Here’s How Alternative Credit Scoring Can Make It Easier for the Poor to Get a Loan

Credit access allows people and firms to invest in their human capital and businesses, which has the potential to alleviate social inequality and boost economic growth get Consolidation Now it today.

On the other hand, commercial banks frequently have limited enthusiasm for lending to vulnerable communities.

Due to a lack of consumer data or history to assess creditworthiness, such as the poor, women, and small enterprises. Due to a lack of alternatives, these people frequently turn to unregulated channels, despite the high-interest rates and risk of being exploited.

According to Mohan Jayaraman, managing director of Experian Asia Pacific’s innovation and strategy, a lack of data has historically been a barrier for banks and financial institutions in extending credit to the unbanked, and hence an impediment to attaining financial inclusion. He emphasizes using alternative data as a tool for lenders to conduct credit assessments and tap into opportunities at the bottom of the pyramid.

What is alternative credit scoring, and how does it work?

Alternative credit scoring refers to using data from digital platforms and applications to measure credit risk. Before the advent of credit bureaus, lending firms relied only on them for consumer credit data. The usefulness of merging data from many sources such as airtime, mobile money, geolocation, bill payment history, and social media usage is highlighted.

The most prevalent alternative data sources are telecommunications companies (telcos) and utilities. Travel, payments, e-commerce, government activities, and asset holdings are some of the other sources. Alternate data can comprehensively evaluate a borrower’s credit risk profile by displaying an individual’s preferences and behaviors.

How does machine learning go about analyzing different types of data?

Using machine learning to analyze alternative data differs from using static data to analyze specific credit-related data from a bank. For credit scoring, machine learning offers a higher predictive potential. Micro-segmentation from thousands of segments can be accommodated, and micro patterns can be determined regularly. Machine learning improves acceptance rates and reduces credit losses by using more nonstandard data points.
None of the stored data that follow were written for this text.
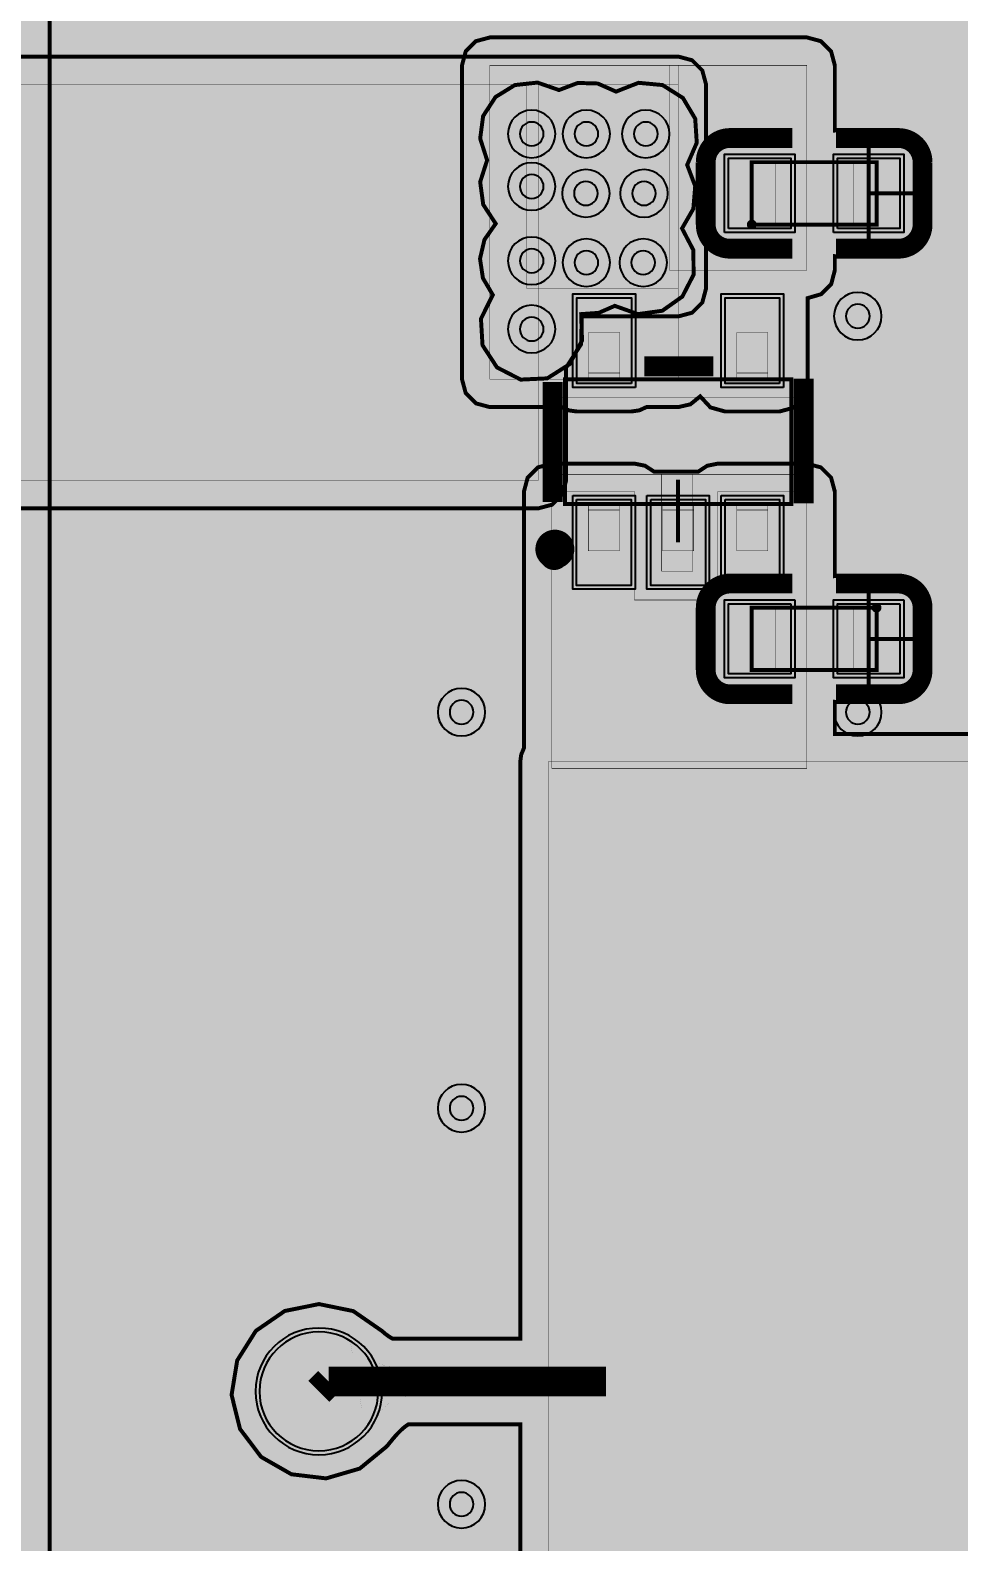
# Model space of a CAD drawing. Header units: millimetres. Extents: x 0 to 100, y -100 to 0.
# Drawn here: x 76.06 to 87.96, y -46.51 to -27.12 of the extents above; entities that cross this region are included whole.
import ezdxf

# ---------------------------------------------------------------- set-up
doc = ezdxf.new("R2010")
doc.units = ezdxf.units.MM
doc.header["$MEASUREMENT"] = 0
for name, color, linetype, true_color in [('Bottom-Layer', 7, 'Continuous', 0x0000ff), ('Component-Marking-Layer', 7, 'Continuous', 0x66ffcc), ('Component-Shape-Layer', 7, 'Continuous', 0x00cccc), ('Document-Layer', 7, 'Continuous', 0xffffff), ('Hole-Layer', 7, 'Continuous', 0x222222), ('Inner1', 7, 'Continuous', 0x999966), ('Inner2', 7, 'Continuous', 0x008000), ('Multi-Layer', 7, 'Continuous', 0xc0c0c0), ('Pin-Floating-Layer', 7, 'Continuous', 0xff99ff), ('Pin-Soldering-Layer', 7, 'Continuous', 0xcc9999), ('Top-Layer', 7, 'Continuous', 0xff0000), ('Top-Paste-Mask-Layer', 7, 'Continuous', 0x808080), ('Top-Silkscreen-Layer', 7, 'Continuous', 0xffcc00), ('Top-Solder-Mask-Layer', 7, 'Continuous', 0x800080)]:
    doc.layers.add(name, color=color, linetype=linetype, true_color=true_color)

msp = doc.modelspace()

# ---------------------------------------------------------------- hatches: boundary and pattern name
at = {"layer": 'Bottom-Layer'}
for points in [[(99.642, -0.358), (99.642, -99.642), (0.358, -99.642), (0.358, -0.358)], [(81.822, -30.048), (81.859, -30.297), (81.986, -30.513), (81.834, -30.818), (81.854, -31.158), (82.04, -31.443), (82.344, -31.599), (82.684, -31.583), (82.971, -31.401), (83.13, -31.099), (83.119, -30.759), (83.344, -30.743), (83.55, -30.653), (83.847, -30.759), (84.159, -30.716), (84.416, -30.534), (84.56, -30.254), (84.558, -29.939), (84.412, -29.66), (84.557, -29.408), (84.581, -29.118), (84.478, -28.845), (84.601, -28.561), (84.581, -28.252), (84.423, -27.986), (84.162, -27.821), (83.854, -27.792), (83.566, -27.905), (83.331, -27.801), (83.075, -27.794), (82.835, -27.885), (82.559, -27.789), (82.269, -27.821), (82.021, -27.974), (81.862, -28.218), (81.824, -28.507), (81.913, -28.785), (81.824, -29.064), (81.863, -29.354), (82.023, -29.599), (81.879, -29.804)]]:
    msp.add_hatch(color=256, dxfattribs=at).paths.add_polyline_path(points)
at = {"layer": 'Component-Marking-Layer'}
for points in [[(85.246, -29.61, 1), (85.366, -29.61, 1)], [(85.246, -29.61, 1), (85.366, -29.61, 1)], [(82.852, -33.794, 1), (82.972, -33.794, 1)], [(82.852, -33.794, 1), (82.972, -33.794, 1)], [(86.846, -34.525, 1), (86.966, -34.525, 1)], [(86.846, -34.525, 1), (86.966, -34.525, 1)]]:
    msp.add_hatch(color=256, dxfattribs=at).paths.add_polyline_path(points)
at = {"layer": 'Inner1'}
for points in [[(99.642, -0.358), (99.642, -99.642), (0.358, -99.642), (0.358, -0.358)], [(81.822, -30.048), (81.859, -30.297), (81.986, -30.513), (81.834, -30.818), (81.854, -31.158), (82.04, -31.443), (82.344, -31.599), (82.684, -31.583), (82.971, -31.401), (83.13, -31.099), (83.119, -30.759), (83.344, -30.743), (83.55, -30.653), (83.847, -30.759), (84.159, -30.716), (84.416, -30.534), (84.56, -30.254), (84.558, -29.939), (84.412, -29.66), (84.557, -29.408), (84.581, -29.118), (84.478, -28.845), (84.601, -28.561), (84.581, -28.252), (84.423, -27.986), (84.162, -27.821), (83.854, -27.792), (83.566, -27.905), (83.331, -27.801), (83.075, -27.794), (82.835, -27.885), (82.559, -27.789), (82.269, -27.821), (82.021, -27.974), (81.862, -28.218), (81.824, -28.507), (81.913, -28.785), (81.824, -29.064), (81.863, -29.354), (82.023, -29.599), (81.879, -29.804)]]:
    msp.add_hatch(color=256, dxfattribs=at).paths.add_polyline_path(points)
at = {"layer": 'Inner2'}
for points in [[(99.642, -0.358), (99.642, -99.642), (0.358, -99.642), (0.358, -0.358)], [(43.725, -54.887), (41.227, -54.887), (41.048, -54.935), (40.917, -55.066), (40.869, -55.245), (40.869, -58.547), (40.917, -58.726), (41.048, -58.857), (41.227, -58.905), (47.743, -58.905), (47.937, -59.099), (47.937, -65.579), (47.929, -65.594), (47.913, -65.616), (47.778, -65.882), (47.774, -66.18), (47.9, -66.449), (48.132, -66.636), (48.422, -66.703), (48.713, -66.636), (48.944, -66.449), (49.071, -66.18), (49.066, -65.882), (48.932, -65.616), (48.916, -65.594), (48.907, -65.579), (48.907, -58.905), (58.039, -58.905), (58.218, -58.857), (58.349, -58.726), (58.397, -58.547), (58.397, -55.245), (58.349, -55.066), (58.218, -54.935), (58.039, -54.887), (45.097, -54.887), (42.776, -52.566), (42.776, -45.192), (55.86, -45.192), (55.86, -45.759), (55.908, -45.938), (56.039, -46.069), (56.218, -46.117), (70.485, -46.117), (70.664, -46.069), (70.795, -45.938), (70.843, -45.759), (70.843, -40.259), (70.843, -33.251), (82.568, -33.251), (82.747, -33.203), (82.878, -33.072), (82.926, -32.893), (82.926, -31.445), (83.118, -31.145), (83.127, -30.789), (84.362, -30.789), (84.541, -30.741), (84.672, -30.61), (84.72, -30.431), (84.72, -27.813), (84.672, -27.634), (84.541, -27.503), (84.362, -27.455), (64.516, -27.455), (64.337, -27.503), (64.206, -27.634), (64.158, -27.813), (64.158, -30.163), (64.117, -30.254), (64.103, -30.353), (64.103, -31.149), (63.839, -30.761), (63.446, -30.504), (62.985, -30.415), (62.525, -30.509), (62.135, -30.771), (61.875, -31.162), (61.784, -31.623), (61.875, -32.084), (62.135, -32.475), (62.525, -32.737), (62.985, -32.831), (63.446, -32.743), (63.839, -32.485), (64.103, -32.097), (64.103, -39.901), (56.218, -39.901), (56.039, -39.949), (55.908, -40.08), (55.86, -40.259), (55.86, -41.417), (45.189, -41.417), (45.189, -33.655), (45.141, -33.476), (45.01, -33.345), (44.831, -33.297), (40.016, -33.297), (40.056, -33.206), (40.07, -33.108), (40.07, -31.408), (40.022, -31.229), (39.891, -31.098), (39.712, -31.05), (38.012, -31.05), (37.833, -31.098), (37.702, -31.229), (37.654, -31.408), (37.654, -33.108), (37.668, -33.206), (37.708, -33.297), (37.697, -33.297), (37.518, -33.345), (37.387, -33.476), (37.339, -33.655), (37.339, -34.145), (37.037, -33.824), (36.639, -33.632), (36.199, -33.596), (35.776, -33.72), (35.425, -33.988), (35.194, -34.364), (35.114, -34.798), (35.194, -35.232), (35.425, -35.608), (35.776, -35.876), (36.199, -36), (36.639, -35.964), (37.037, -35.772), (37.339, -35.451), (37.339, -43.619), (37.387, -43.798), (37.518, -43.929), (37.697, -43.977), (40.902, -43.977), (40.902, -44.834), (40.95, -45.013), (41.081, -45.144), (41.26, -45.192), (41.806, -45.192), (41.806, -52.767), (41.843, -52.953), (41.948, -53.11)], [(64.516, -32.893), (64.516, -27.813), (82.568, -27.813), (82.568, -32.893)], [(82.423, -30.431), (82.423, -27.813), (84.362, -27.813), (84.362, -30.431)]]:
    msp.add_hatch(color=256, dxfattribs=at).paths.add_polyline_path(points)
at = {"layer": 'Pin-Floating-Layer'}
for points in [[(83.213, -31.509), (83.613, -31.509), (83.613, -31.604), (83.213, -31.604)], [(83.213, -31.509), (83.613, -31.509), (83.613, -31.604), (83.213, -31.604)], [(85.113, -31.509), (85.513, -31.509), (85.513, -31.604), (85.113, -31.604)], [(85.113, -31.509), (85.513, -31.509), (85.513, -31.604), (85.113, -31.604)], [(83.211, -33.184), (83.611, -33.184), (83.611, -33.279), (83.211, -33.279)], [(83.211, -33.184), (83.611, -33.184), (83.611, -33.279), (83.211, -33.279)], [(84.161, -33.184), (84.561, -33.184), (84.561, -33.279), (84.161, -33.279)], [(84.161, -33.184), (84.561, -33.184), (84.561, -33.279), (84.161, -33.279)], [(85.113, -33.184), (85.513, -33.184), (85.513, -33.279), (85.113, -33.279)], [(85.113, -33.184), (85.513, -33.184), (85.513, -33.279), (85.113, -33.279)]]:
    msp.add_hatch(color=256, dxfattribs=at).paths.add_polyline_path(points)
at = {"layer": 'Pin-Soldering-Layer'}
for points in [[(85.306, -29.61), (85.306, -28.81), (85.606, -28.81), (85.606, -29.61)], [(85.306, -29.61), (85.306, -28.81), (85.606, -28.81), (85.606, -29.61)], [(86.906, -29.61), (86.606, -29.61), (86.606, -28.81), (86.906, -28.81)], [(86.906, -29.61), (86.606, -29.61), (86.606, -28.81), (86.906, -28.81)], [(83.213, -30.994), (83.613, -30.994), (83.613, -31.519), (83.213, -31.519)], [(83.213, -30.994), (83.613, -30.994), (83.613, -31.519), (83.213, -31.519)], [(85.113, -30.994), (85.513, -30.994), (85.513, -31.519), (85.113, -31.519)], [(85.113, -30.994), (85.513, -30.994), (85.513, -31.519), (85.113, -31.519)], [(83.211, -33.269), (83.611, -33.269), (83.611, -33.794), (83.211, -33.794)], [(83.211, -33.269), (83.611, -33.269), (83.611, -33.794), (83.211, -33.794)], [(84.161, -33.269), (84.561, -33.269), (84.561, -33.794), (84.161, -33.794)], [(84.161, -33.269), (84.561, -33.269), (84.561, -33.794), (84.161, -33.794)], [(85.113, -33.269), (85.513, -33.269), (85.513, -33.794), (85.113, -33.794)], [(85.113, -33.269), (85.513, -33.269), (85.513, -33.794), (85.113, -33.794)], [(85.306, -34.525), (85.606, -34.525), (85.606, -35.325), (85.306, -35.325)], [(85.306, -34.525), (85.606, -34.525), (85.606, -35.325), (85.306, -35.325)], [(86.906, -34.525), (86.906, -35.325), (86.606, -35.325), (86.606, -34.525)], [(86.906, -34.525), (86.906, -35.325), (86.606, -35.325), (86.606, -34.525)]]:
    msp.add_hatch(color=256, dxfattribs=at).paths.add_polyline_path(points)
at = {"layer": 'Top-Layer'}
for points in [[(99.642, -0.358), (99.642, -99.642), (0.358, -99.642), (0.358, -0.358)], [(86.371, -27.568), (86.323, -27.389), (86.192, -27.258), (86.013, -27.21), (81.949, -27.21), (81.77, -27.258), (81.639, -27.389), (81.591, -27.568), (81.591, -31.594), (81.639, -31.773), (81.77, -31.904), (81.949, -31.952), (82.871, -31.952), (82.963, -31.994), (83.063, -32.008), (83.763, -32.008), (83.863, -31.994), (83.955, -31.952), (84.362, -31.952), (84.519, -31.916), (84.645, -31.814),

What is telecom data grading for cash loans, and how does it work?

Telco data is highly beneficial in estimating a person’s risk level without a credit history. Telcos can potentially gather a vast amount of data, including:

  • Geolocation 
  • Data Use
  • Top-Up History
  • SMS Patterns
  • Demographics

To detect tiny patterns, machine learning can generate telecom scores. Raw call detail records, for example, can be translated into behavioral patterns to correlate with risk, resulting in lead creation for lending firms. The use of telco data and machine learning can help banks better understand their customers. Improved credit acceptance rates can increase sales by 15%, bad debt can be reduced by 5% with better exposure management, and processing time can be cut in half thanks to automated judgments.

What are the components of alternative data?

To bring other data models to life, several components are required. Consumer permission and collaboration-based models will be the de-facto standard in the new world.

Financing companies that wish to target “no formal credit” customers should use deeper understanding and data points to make faster, more reliable decisions. Formal credit scoring models use eight to ten variables on average. On the other hand, alternative data credit scoring can use more than 500 data points.

Alternate data is made up of the following components:

  • Data
  • Analytical method
  • Platforms
  • Business models that work together

What role does alternative data play in the future?

With the proliferation of digital interfaces or digital interface points with consumers, alternate data is on the rise. The considerable cost reduction in computer power and data storage is another driving factor.

Only roughly one billion people in Asia have access to formal credit out of a total population of 4.6 billion. The sharing of financial information through open banking allows the digital footprints of more than three billion people without credit histories to be followed, thanks to the high market penetration of mobile phones and the growing expansion of e-wallets.